### Work instructions
Take the material below and output exactly the run of lines from the one containing "#7213 = CARTESIAN_POINT" down to the one containing "#11351 = DIRECTION", with both included.

### Data extracts
++++++++++++++++++++

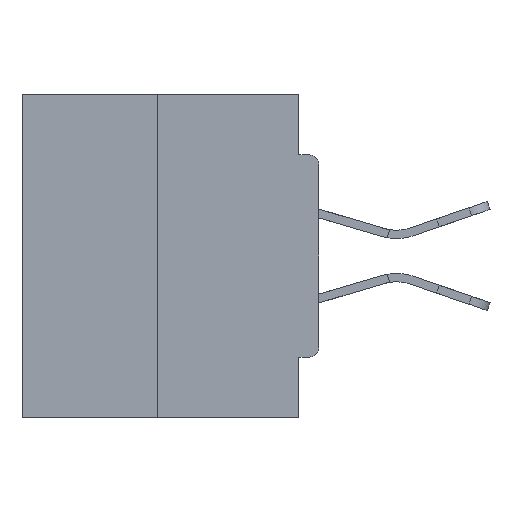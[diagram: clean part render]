
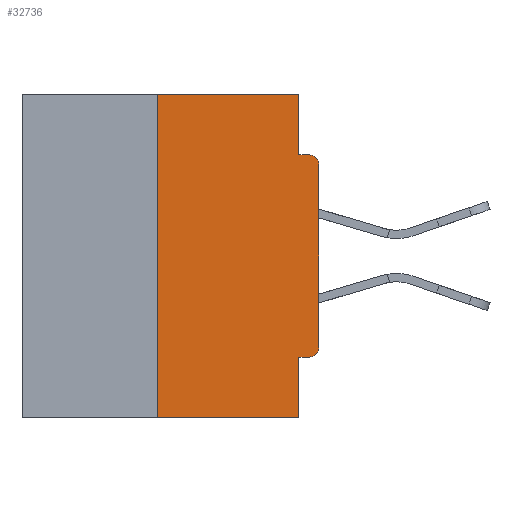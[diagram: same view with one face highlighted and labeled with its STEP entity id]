
A CAD part, left-side view. The second image highlights one B-rep face of the part: STEP entity #32736.
In plain terms, the highlighted planar face has unit normal (-1, 0, 0).
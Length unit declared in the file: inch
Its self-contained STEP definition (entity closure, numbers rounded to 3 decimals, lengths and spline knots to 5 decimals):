
#565 = CARTESIAN_POINT ( 'NONE',  ( 0., 0.25, 0. ) ) ;
#1227 = LINE ( 'NONE', #565, #5970 ) ;
#1453 = CARTESIAN_POINT ( 'NONE',  ( 0., 0.031, -0.0935 ) ) ;
#1588 = DIRECTION ( 'NONE',  ( -1., 0., 0. ) ) ;
#1603 = CARTESIAN_POINT ( 'NONE',  ( 0., 0., -0.3915 ) ) ;
#2099 = CARTESIAN_POINT ( 'NONE',  ( 0., 0.015, -0.0935 ) ) ;
#2642 = CARTESIAN_POINT ( 'NONE',  ( 0., 0., -0.4065 ) ) ;
#2885 = DIRECTION ( 'NONE',  ( 0., 1., 0. ) ) ;
#3850 = DIRECTION ( 'NONE',  ( 0., -1., 0. ) ) ;
#4548 = DIRECTION ( 'NONE',  ( -1., 0., 0. ) ) ;
#5272 = EDGE_CURVE ( 'NONE', #11194, #31900, #14237, .T. ) ;
#5275 = LINE ( 'NONE', #2642, #33623 ) ;
#5970 = VECTOR ( 'NONE', #25760, 39.37008 ) ;
#6230 = EDGE_CURVE ( 'NONE', #16097, #21846, #12427, .T. ) ;
#6483 = EDGE_CURVE ( 'NONE', #30119, #7789, #28742, .T. ) ;
#6925 = VECTOR ( 'NONE', #12689, 39.37008 ) ;
#7132 = LINE ( 'NONE', #23174, #15722 ) ;
#7213 = CARTESIAN_POINT ( 'NONE',  ( 0., 0.46, 0. ) ) ;
#7335 = DIRECTION ( 'NONE',  ( 0., 0., -1. ) ) ;
#7745 = ORIENTED_EDGE ( 'NONE', *, *, #12949, .F. ) ;
#7789 = VERTEX_POINT ( 'NONE', #22108 ) ;
#7847 = DIRECTION ( 'NONE',  ( 0., 0., 1. ) ) ;
#8564 = VECTOR ( 'NONE', #11351, 39.37008 ) ;
#8926 = CARTESIAN_POINT ( 'NONE',  ( 0., 0.46, 0. ) ) ;
#10336 = EDGE_CURVE ( 'NONE', #16097, #30119, #5275, .T. ) ;
#11194 = VERTEX_POINT ( 'NONE', #1453 ) ;
#11351 = DIRECTION ( 'NONE',  ( 0., 0., -1. ) ) ;
#12427 = CIRCLE ( 'NONE', #19663, 0.015 ) ;
#12654 = CARTESIAN_POINT ( 'NONE',  ( 0., 0.015, -0.1085 ) ) ;
#12689 = DIRECTION ( 'NONE',  ( 0., -1., 0. ) ) ;
#12803 = CARTESIAN_POINT ( 'NONE',  ( 0., 0., -0.0935 ) ) ;
#12949 = EDGE_CURVE ( 'NONE', #30383, #27522, #1227, .T. ) ;
#13443 = DIRECTION ( 'NONE',  ( 0., 0., -1. ) ) ;
#13752 = FACE_OUTER_BOUND ( 'NONE', #21500, .T. ) ;
#14123 = ORIENTED_EDGE ( 'NONE', *, *, #6230, .T. ) ;
#14237 = LINE ( 'NONE', #12803, #6925 ) ;
#15300 = AXIS2_PLACEMENT_3D ( 'NONE', #7213, #30117, #13443 ) ;
#15600 = PLANE ( 'NONE',  #15300 ) ;
#15700 = VECTOR ( 'NONE', #3850, 39.37008 ) ;
#15722 = VECTOR ( 'NONE', #26147, 39.37008 ) ;
#16097 = VERTEX_POINT ( 'NONE', #19459 ) ;
#16236 = LINE ( 'NONE', #16379, #34227 ) ;
#16379 = CARTESIAN_POINT ( 'NONE',  ( 0., 0., 0. ) ) ;
#18480 = CARTESIAN_POINT ( 'NONE',  ( 0., 0.25, -0.5 ) ) ;
#19179 = ORIENTED_EDGE ( 'NONE', *, *, #22291, .F. ) ;
#19270 = VECTOR ( 'NONE', #28973, 39.37008 ) ;
#19459 = CARTESIAN_POINT ( 'NONE',  ( 0., 0.015, -0.4065 ) ) ;
#19663 = AXIS2_PLACEMENT_3D ( 'NONE', #29741, #4548, #7335 ) ;
#19878 = EDGE_CURVE ( 'NONE', #21846, #28154, #16236, .T. ) ;
#20818 = DIRECTION ( 'NONE',  ( 0., 0., -1. ) ) ;
#21449 = EDGE_CURVE ( 'NONE', #35226, #11194, #7132, .T. ) ;
#21500 = EDGE_LOOP ( 'NONE', ( #19179, #7745, #25958, #30242, #27048, #14123, #27837, #33253, #30404, #28210 ) ) ;
#21846 = VERTEX_POINT ( 'NONE', #1603 ) ;
#22108 = CARTESIAN_POINT ( 'NONE',  ( 0., 0.031, -0.5 ) ) ;
#22276 = CARTESIAN_POINT ( 'NONE',  ( 0., 0.031, -0.5 ) ) ;
#22291 = EDGE_CURVE ( 'NONE', #27522, #35226, #30291, .T. ) ;
#22928 = CARTESIAN_POINT ( 'NONE',  ( 0., 0.031, -0.4065 ) ) ;
#23174 = CARTESIAN_POINT ( 'NONE',  ( 0., 0.031, 0. ) ) ;
#24320 = AXIS2_PLACEMENT_3D ( 'NONE', #12654, #1588, #20818 ) ;
#25141 = CARTESIAN_POINT ( 'NONE',  ( 0., 0.25, 0. ) ) ;
#25715 = LINE ( 'NONE', #34210, #19270 ) ;
#25760 = DIRECTION ( 'NONE',  ( 0., 0., 1. ) ) ;
#25958 = ORIENTED_EDGE ( 'NONE', *, *, #34543, .T. ) ;
#26147 = DIRECTION ( 'NONE',  ( 0., 0., -1. ) ) ;
#27048 = ORIENTED_EDGE ( 'NONE', *, *, #10336, .F. ) ;
#27522 = VERTEX_POINT ( 'NONE', #25141 ) ;
#27837 = ORIENTED_EDGE ( 'NONE', *, *, #19878, .T. ) ;
#28154 = VERTEX_POINT ( 'NONE', #34078 ) ;
#28210 = ORIENTED_EDGE ( 'NONE', *, *, #21449, .F. ) ;
#28742 = LINE ( 'NONE', #22276, #8564 ) ;
#28973 = DIRECTION ( 'NONE',  ( 0., -1., 0. ) ) ;
#29399 = CARTESIAN_POINT ( 'NONE',  ( 0., 0.031, 0. ) ) ;
#29741 = CARTESIAN_POINT ( 'NONE',  ( 0., 0.015, -0.3915 ) ) ;
#30117 = DIRECTION ( 'NONE',  ( 1., 0., 0. ) ) ;
#30119 = VERTEX_POINT ( 'NONE', #22928 ) ;
#30242 = ORIENTED_EDGE ( 'NONE', *, *, #6483, .F. ) ;
#30291 = LINE ( 'NONE', #8926, #15700 ) ;
#30383 = VERTEX_POINT ( 'NONE', #18480 ) ;
#30404 = ORIENTED_EDGE ( 'NONE', *, *, #5272, .F. ) ;
#31330 = EDGE_CURVE ( 'NONE', #28154, #31900, #31606, .T. ) ;
#31606 = CIRCLE ( 'NONE', #24320, 0.015 ) ;
#31900 = VERTEX_POINT ( 'NONE', #2099 ) ;
#32736 = ADVANCED_FACE ( 'NONE', ( #13752 ), #15600, .F. ) ;
#33253 = ORIENTED_EDGE ( 'NONE', *, *, #31330, .T. ) ;
#33623 = VECTOR ( 'NONE', #2885, 39.37008 ) ;
#34078 = CARTESIAN_POINT ( 'NONE',  ( 0., 0., -0.1085 ) ) ;
#34210 = CARTESIAN_POINT ( 'NONE',  ( 0., 0.46, -0.5 ) ) ;
#34227 = VECTOR ( 'NONE', #7847, 39.37008 ) ;
#34543 = EDGE_CURVE ( 'NONE', #30383, #7789, #25715, .T. ) ;
#35226 = VERTEX_POINT ( 'NONE', #29399 ) ;

++++++++++++++++++++

### Written answer
#7213 = CARTESIAN_POINT ( 'NONE',  ( 0., 0.46, 0. ) ) ;
#7335 = DIRECTION ( 'NONE',  ( 0., 0., -1. ) ) ;
#7745 = ORIENTED_EDGE ( 'NONE', *, *, #12949, .F. ) ;
#7789 = VERTEX_POINT ( 'NONE', #22108 ) ;
#7847 = DIRECTION ( 'NONE',  ( 0., 0., 1. ) ) ;
#8564 = VECTOR ( 'NONE', #11351, 39.37008 ) ;
#8926 = CARTESIAN_POINT ( 'NONE',  ( 0., 0.46, 0. ) ) ;
#10336 = EDGE_CURVE ( 'NONE', #16097, #30119, #5275, .T. ) ;
#11194 = VERTEX_POINT ( 'NONE', #1453 ) ;
#11351 = DIRECTION ( 'NONE',  ( 0., 0., -1. ) ) ;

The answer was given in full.